__Problem to work on__.
Repeat exactly, and only, the lines of the entries below from the one with "# Drawn here: x" through the one with "doc.units = ezdxf.units.MM", both ends included.

__Data for processing__.
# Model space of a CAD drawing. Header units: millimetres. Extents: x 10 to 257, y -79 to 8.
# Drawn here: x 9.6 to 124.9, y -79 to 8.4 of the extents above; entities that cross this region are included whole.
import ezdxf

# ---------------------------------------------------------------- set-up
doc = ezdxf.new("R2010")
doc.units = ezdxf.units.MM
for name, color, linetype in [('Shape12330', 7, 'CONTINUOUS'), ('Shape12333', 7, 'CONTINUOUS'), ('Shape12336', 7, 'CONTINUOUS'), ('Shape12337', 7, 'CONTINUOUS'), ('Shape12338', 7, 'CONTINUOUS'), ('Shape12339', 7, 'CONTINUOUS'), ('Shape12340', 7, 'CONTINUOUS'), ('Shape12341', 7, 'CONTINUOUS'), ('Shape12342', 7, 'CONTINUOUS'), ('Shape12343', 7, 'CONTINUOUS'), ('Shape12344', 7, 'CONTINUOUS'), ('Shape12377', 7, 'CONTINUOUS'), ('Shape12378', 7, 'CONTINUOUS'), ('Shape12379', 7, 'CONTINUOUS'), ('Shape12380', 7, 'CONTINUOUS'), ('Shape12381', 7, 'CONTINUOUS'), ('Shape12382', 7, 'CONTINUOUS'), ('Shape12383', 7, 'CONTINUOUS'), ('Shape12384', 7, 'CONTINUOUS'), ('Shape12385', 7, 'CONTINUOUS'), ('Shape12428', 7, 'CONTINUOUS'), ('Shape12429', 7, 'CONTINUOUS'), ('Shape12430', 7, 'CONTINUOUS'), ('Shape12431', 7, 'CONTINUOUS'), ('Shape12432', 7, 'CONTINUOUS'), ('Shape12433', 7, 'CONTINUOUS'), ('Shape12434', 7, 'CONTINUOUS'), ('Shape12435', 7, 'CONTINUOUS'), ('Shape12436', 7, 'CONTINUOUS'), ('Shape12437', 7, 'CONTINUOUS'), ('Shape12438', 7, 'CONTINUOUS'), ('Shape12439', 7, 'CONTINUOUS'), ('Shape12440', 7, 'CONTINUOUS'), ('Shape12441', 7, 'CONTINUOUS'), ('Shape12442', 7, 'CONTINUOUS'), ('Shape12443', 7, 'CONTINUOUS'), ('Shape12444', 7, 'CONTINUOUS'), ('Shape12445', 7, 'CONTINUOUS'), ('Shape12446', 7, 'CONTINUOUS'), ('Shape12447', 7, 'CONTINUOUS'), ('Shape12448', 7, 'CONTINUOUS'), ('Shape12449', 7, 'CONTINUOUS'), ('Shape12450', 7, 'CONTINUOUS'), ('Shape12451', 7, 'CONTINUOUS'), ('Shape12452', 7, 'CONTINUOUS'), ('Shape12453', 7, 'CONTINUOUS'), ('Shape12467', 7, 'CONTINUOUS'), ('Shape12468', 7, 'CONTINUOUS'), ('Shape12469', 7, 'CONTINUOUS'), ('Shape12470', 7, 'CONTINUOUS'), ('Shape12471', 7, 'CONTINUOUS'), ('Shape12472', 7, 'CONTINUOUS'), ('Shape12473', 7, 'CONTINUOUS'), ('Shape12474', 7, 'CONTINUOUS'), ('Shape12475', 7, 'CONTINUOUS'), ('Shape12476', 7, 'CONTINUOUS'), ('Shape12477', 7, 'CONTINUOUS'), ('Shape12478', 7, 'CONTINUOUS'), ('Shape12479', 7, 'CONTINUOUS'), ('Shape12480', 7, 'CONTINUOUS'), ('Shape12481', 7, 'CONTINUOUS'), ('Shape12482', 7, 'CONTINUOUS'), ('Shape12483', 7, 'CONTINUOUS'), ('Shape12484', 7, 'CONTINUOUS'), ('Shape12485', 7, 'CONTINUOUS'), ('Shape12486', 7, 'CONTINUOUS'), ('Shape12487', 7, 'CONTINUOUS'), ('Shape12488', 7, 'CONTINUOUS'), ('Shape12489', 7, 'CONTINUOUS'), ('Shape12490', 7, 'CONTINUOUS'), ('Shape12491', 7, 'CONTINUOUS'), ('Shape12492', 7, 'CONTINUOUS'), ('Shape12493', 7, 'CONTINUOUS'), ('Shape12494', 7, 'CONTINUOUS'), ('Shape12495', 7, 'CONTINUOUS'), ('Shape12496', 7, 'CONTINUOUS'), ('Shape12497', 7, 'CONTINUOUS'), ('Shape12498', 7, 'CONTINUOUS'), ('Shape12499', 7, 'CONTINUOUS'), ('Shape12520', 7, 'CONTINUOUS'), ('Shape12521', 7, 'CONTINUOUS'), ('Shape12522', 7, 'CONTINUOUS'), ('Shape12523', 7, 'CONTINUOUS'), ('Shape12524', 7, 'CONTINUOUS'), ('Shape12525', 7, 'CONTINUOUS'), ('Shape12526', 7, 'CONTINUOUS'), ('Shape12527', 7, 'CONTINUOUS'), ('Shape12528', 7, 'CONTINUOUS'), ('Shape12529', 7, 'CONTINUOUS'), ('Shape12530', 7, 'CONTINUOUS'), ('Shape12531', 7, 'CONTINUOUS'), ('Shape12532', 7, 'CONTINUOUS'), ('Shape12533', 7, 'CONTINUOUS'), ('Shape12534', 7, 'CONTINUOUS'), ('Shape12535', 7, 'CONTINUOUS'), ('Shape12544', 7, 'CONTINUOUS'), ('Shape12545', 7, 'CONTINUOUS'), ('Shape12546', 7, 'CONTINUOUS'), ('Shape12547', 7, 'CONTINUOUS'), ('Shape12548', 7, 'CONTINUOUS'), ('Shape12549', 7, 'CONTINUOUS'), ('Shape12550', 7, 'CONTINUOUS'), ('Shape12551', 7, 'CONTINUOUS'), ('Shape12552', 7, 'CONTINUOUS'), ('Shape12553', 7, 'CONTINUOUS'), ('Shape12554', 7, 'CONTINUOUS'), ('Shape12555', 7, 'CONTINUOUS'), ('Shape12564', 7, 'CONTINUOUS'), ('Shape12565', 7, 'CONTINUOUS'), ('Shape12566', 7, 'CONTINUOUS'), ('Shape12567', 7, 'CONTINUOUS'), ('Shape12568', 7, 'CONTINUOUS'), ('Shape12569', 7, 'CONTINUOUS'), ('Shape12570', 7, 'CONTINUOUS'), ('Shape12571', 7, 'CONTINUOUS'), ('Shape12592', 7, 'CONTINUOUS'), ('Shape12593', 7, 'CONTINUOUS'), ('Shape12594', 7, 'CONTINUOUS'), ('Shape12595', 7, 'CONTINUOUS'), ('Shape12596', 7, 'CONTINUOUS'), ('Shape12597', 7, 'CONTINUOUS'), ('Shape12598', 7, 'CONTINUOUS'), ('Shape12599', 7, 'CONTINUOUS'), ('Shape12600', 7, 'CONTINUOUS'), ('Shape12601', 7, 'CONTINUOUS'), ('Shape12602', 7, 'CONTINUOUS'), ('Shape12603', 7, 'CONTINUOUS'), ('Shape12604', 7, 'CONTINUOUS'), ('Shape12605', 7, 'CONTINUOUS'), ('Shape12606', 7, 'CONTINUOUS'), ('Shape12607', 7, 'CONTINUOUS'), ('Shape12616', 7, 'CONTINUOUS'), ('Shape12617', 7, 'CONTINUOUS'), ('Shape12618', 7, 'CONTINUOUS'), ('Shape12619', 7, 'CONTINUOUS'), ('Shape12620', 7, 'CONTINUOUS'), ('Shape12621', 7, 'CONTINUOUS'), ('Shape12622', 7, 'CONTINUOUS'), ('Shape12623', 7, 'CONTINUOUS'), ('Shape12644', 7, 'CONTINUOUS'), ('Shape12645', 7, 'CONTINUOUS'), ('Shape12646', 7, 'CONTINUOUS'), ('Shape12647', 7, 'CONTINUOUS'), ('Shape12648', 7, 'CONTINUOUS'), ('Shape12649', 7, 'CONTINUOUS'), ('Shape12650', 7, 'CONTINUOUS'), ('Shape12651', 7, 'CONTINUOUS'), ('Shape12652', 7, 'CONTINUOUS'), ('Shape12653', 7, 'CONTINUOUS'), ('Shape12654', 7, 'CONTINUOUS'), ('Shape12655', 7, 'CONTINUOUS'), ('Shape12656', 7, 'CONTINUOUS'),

__Exercise output__.
# Drawn here: x 9.6 to 124.9, y -79 to 8.4 of the extents above; entities that cross this region are included whole.
import ezdxf

# ---------------------------------------------------------------- set-up
doc = ezdxf.new("R2010")
doc.units = ezdxf.units.MM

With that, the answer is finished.